Full OS Monitoring (With Thresholds) (Sun N1 System Manager 1.3 Discovery and Administration Guide)

Sun N1 System Manager 1.3 Discovery and Administration Guide

Full OS Monitoring (With Thresholds)

As part of the add server feature command, with the osmonitor and agentip keywords, you provide credentials to access the monitored server's operating system through ssh with the agentssh keyword. See To Add the OS Monitoring Feature for additional details. This procedure is important for OS health monitoring but not for monitoring hardware health or network reachability.

Adding the OS monitoring feature using the add server feature command, with the osmonitor keywords provides support for both OS monitoring and base management, and enables monitoring by default. After that, monitoring can be disabled and enabled by use of the set server command. See Enabling and Disabling Monitoring for more information.

The OS monitoring feature provides all the basic monitoring data that comes with the base management feature. See Base Management (Basic OS Monitoring) for details about the base management feature. In addition, the OS monitoring feature provides support for threshold monitoring. The OS monitoring feature allows you to set specific thresholds for individual monitored servers, or for groups of monitored servers, at the command line by using the set command. See Setting Threshold Values for details. For information about thresholds, see Monitoring Threshold Values.

Platform OS interface data is obtained through ssh and SNMP. All attribute data is retrieved from the server's operating system by using ssh and SNMP.

A complete list of OS health attributes is provided in Table 6–2. Associated supported thresholds are also provided.
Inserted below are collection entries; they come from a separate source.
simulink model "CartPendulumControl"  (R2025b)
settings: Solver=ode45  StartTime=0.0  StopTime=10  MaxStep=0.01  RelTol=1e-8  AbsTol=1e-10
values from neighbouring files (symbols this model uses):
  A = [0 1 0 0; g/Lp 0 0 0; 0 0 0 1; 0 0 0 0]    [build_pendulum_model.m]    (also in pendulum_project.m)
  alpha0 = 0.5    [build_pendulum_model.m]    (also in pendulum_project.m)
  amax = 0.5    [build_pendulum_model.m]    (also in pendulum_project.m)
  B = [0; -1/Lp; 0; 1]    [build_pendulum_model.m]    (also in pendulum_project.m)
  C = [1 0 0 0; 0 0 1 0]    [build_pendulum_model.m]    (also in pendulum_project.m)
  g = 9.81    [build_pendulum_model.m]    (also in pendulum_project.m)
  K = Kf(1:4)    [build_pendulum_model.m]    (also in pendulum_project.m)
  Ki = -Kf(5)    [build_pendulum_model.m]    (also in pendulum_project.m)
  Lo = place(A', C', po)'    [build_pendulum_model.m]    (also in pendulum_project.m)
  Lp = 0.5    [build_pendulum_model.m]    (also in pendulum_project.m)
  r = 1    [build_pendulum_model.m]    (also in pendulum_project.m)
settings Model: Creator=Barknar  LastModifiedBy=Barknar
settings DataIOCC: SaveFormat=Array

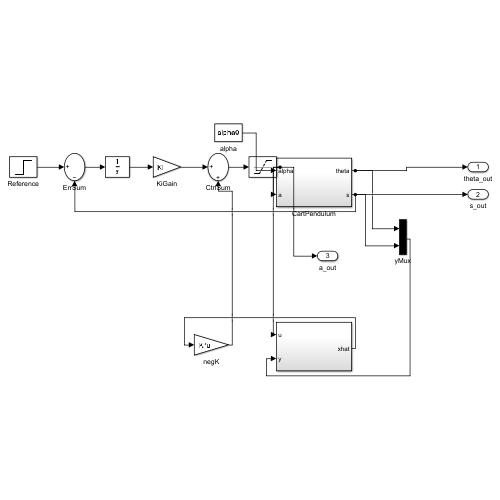
[thumbnail: Simulink's stored preview of the top-level diagram]
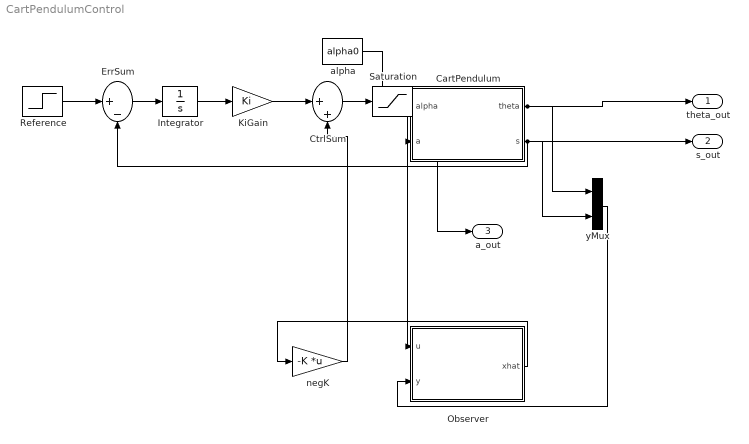
== system CartPendulumControl ==
  CartPendulum : Subsystem
  CtrlSum : Sum  Inputs=|++
  ErrSum : Sum  Inputs=|+-
  Integrator : Integrator
  KiGain : Gain  Gain=Ki
  Observer : Subsystem
  Reference : Step  Time=0  After=r  SampleTime=0
  Saturation : Saturate  UpperLimit=amax  LowerLimit=-amax
  alpha : Constant  Value=alpha0
  negK : Gain  Gain=-K  Multiplication=Matrix(K*u)
  yMux : Mux  Inputs=[1 1]
  theta_out : Outport
  s_out : Outport  Port=2
  a_out : Outport  Port=3
  wires:
  Reference/1 -> ErrSum/1
  ErrSum/1 -> Integrator/1
  Integrator/1 -> KiGain/1
  KiGain/1 -> CtrlSum/1
  negK/1 -> CtrlSum/2
  CtrlSum/1 -> Saturation/1
  alpha/1 -> CartPendulum/1(alpha)
  Saturation/1 -> CartPendulum/2(a), Observer/1(u), a_out/1
  CartPendulum/1(theta) -> yMux/1, theta_out/1
  CartPendulum/2(s) -> yMux/2, ErrSum/2, s_out/1
  yMux/1 -> Observer/2(y)
  Observer/1(xhat) -> negK/1

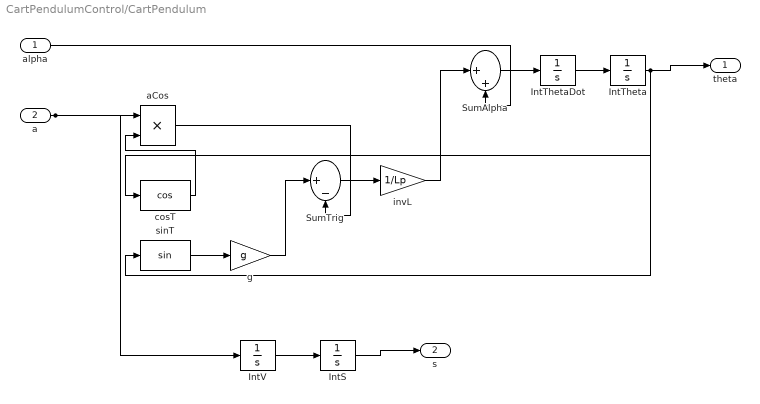
== system CartPendulumControl/CartPendulum ==
  alpha : Inport
  a : Inport  Port=2
  IntS : Integrator
  IntTheta : Integrator
  IntThetaDot : Integrator
  IntV : Integrator
  SumAlpha : Sum  Inputs=|++
  SumTrig : Sum  Inputs=|+-
  aCos : Product
  cosT : Trigonometry  Operator=cos
  g : Gain  Gain=g
  invL : Gain  Gain=1/Lp
  sinT : Trigonometry
  theta : Outport
  s : Outport  Port=2
  wires:
  a/1 -> aCos/1, IntV/1
  cosT/1 -> aCos/2
  sinT/1 -> g/1
  g/1 -> SumTrig/1
  aCos/1 -> SumTrig/2
  SumTrig/1 -> invL/1
  invL/1 -> SumAlpha/1
  alpha/1 -> SumAlpha/2
  SumAlpha/1 -> IntThetaDot/1
  IntThetaDot/1 -> IntTheta/1
  IntTheta/1 -> sinT/1, cosT/1, theta/1
  IntV/1 -> IntS/1
  IntS/1 -> s/1

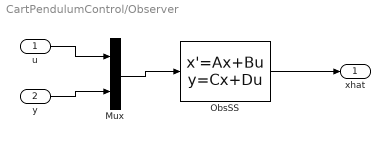
== system CartPendulumControl/Observer ==
  u : Inport
  y : Inport  Port=2
  Mux : Mux  Inputs=[1 2]
  ObsSS : StateSpace  A=A-Lo*C  B=[B Lo]  C=eye(4)  D=zeros(4,3)  InitialCondition=0
  xhat : Outport
  wires:
  u/1 -> Mux/1
  y/1 -> Mux/2
  Mux/1 -> ObsSS/1
  ObsSS/1 -> xhat/1

Table 6–2 All OS Health Attributes


Attribute Name	Description	Supported Threshold	Supported Threshold
`cpustats.loadavg1min`	System load expressed as average number of queued processes over 1 minute	`warninghigh`	`criticalhigh`
`cpustats.loadavg5min`	System load expressed as average number of queued processes over 5 minutes	`warninghigh`	`criticalhigh`
`cpustats.loadavg15min`	System load expressed as average number of queued processes over 15 minutes	`warninghigh`	`criticalhigh`
`cpustats.pctusage`	Percentage of overall CPU usage	`warninghigh`	`criticalhigh`
`cpustats.pctidle`	Percentage of CPU idle	`warninglow`	`criticallow`
`memusage.pctmemused`	Percentage of memory in use	`warninghigh`	`criticalhigh`
`memusage.pctmemfree`	Percentage of memory free	`warninglow`	`criticallow`
`memusage.mbmemused`	Memory in use in MB	`warninghigh`	`criticalhigh`
`memusage.mbmemfree`	Memory free in MB	`warninglow`	`criticallow`
`memusage.kbswapused`	Swap space in use in Kb	`warninghigh`	`criticalhigh`
`memusage.mbswapfree`	Free swap space in MB	`warninglow`	`criticallow`
`memusage.pctswapfree`	Percentage of free swap space	`warninglow`	`criticallow`
`fsusage.pctused`	Percentage of file system space in use	`warninghigh`	`criticalhigh`
`fsusage.kbspacefree`	File system free space in Kb	`warninghigh`	`criticalhigh`

You can filter OS health monitoring information for all servers by using the show server command:

N1-ok> show server oshealth oshealth

See show server in Sun N1 System Manager 1.3 Command Line Reference Manual for details of possible values of the oshealth filters. For more information and a graphic explaining filtering servers by health state, see To View Failed Managed Servers.

The health of an OS resource can be shown as unknown if the server is reachable but the agent for the monitoring feature cannot be contacted on SNMP port 161. The health of an OS resource can be shown as unreachable if the server is unreachable due to, for example, being in standby mode. See also Understanding the Differences Between Unreachable and Unknown States for Managed Servers.

If you are not interested in the values of some attributes, you can disable the threshold severity for monitoring of those attributes. This action prevents annoyance alarms. Example 6–9 shows you how to accomplish this disabling action.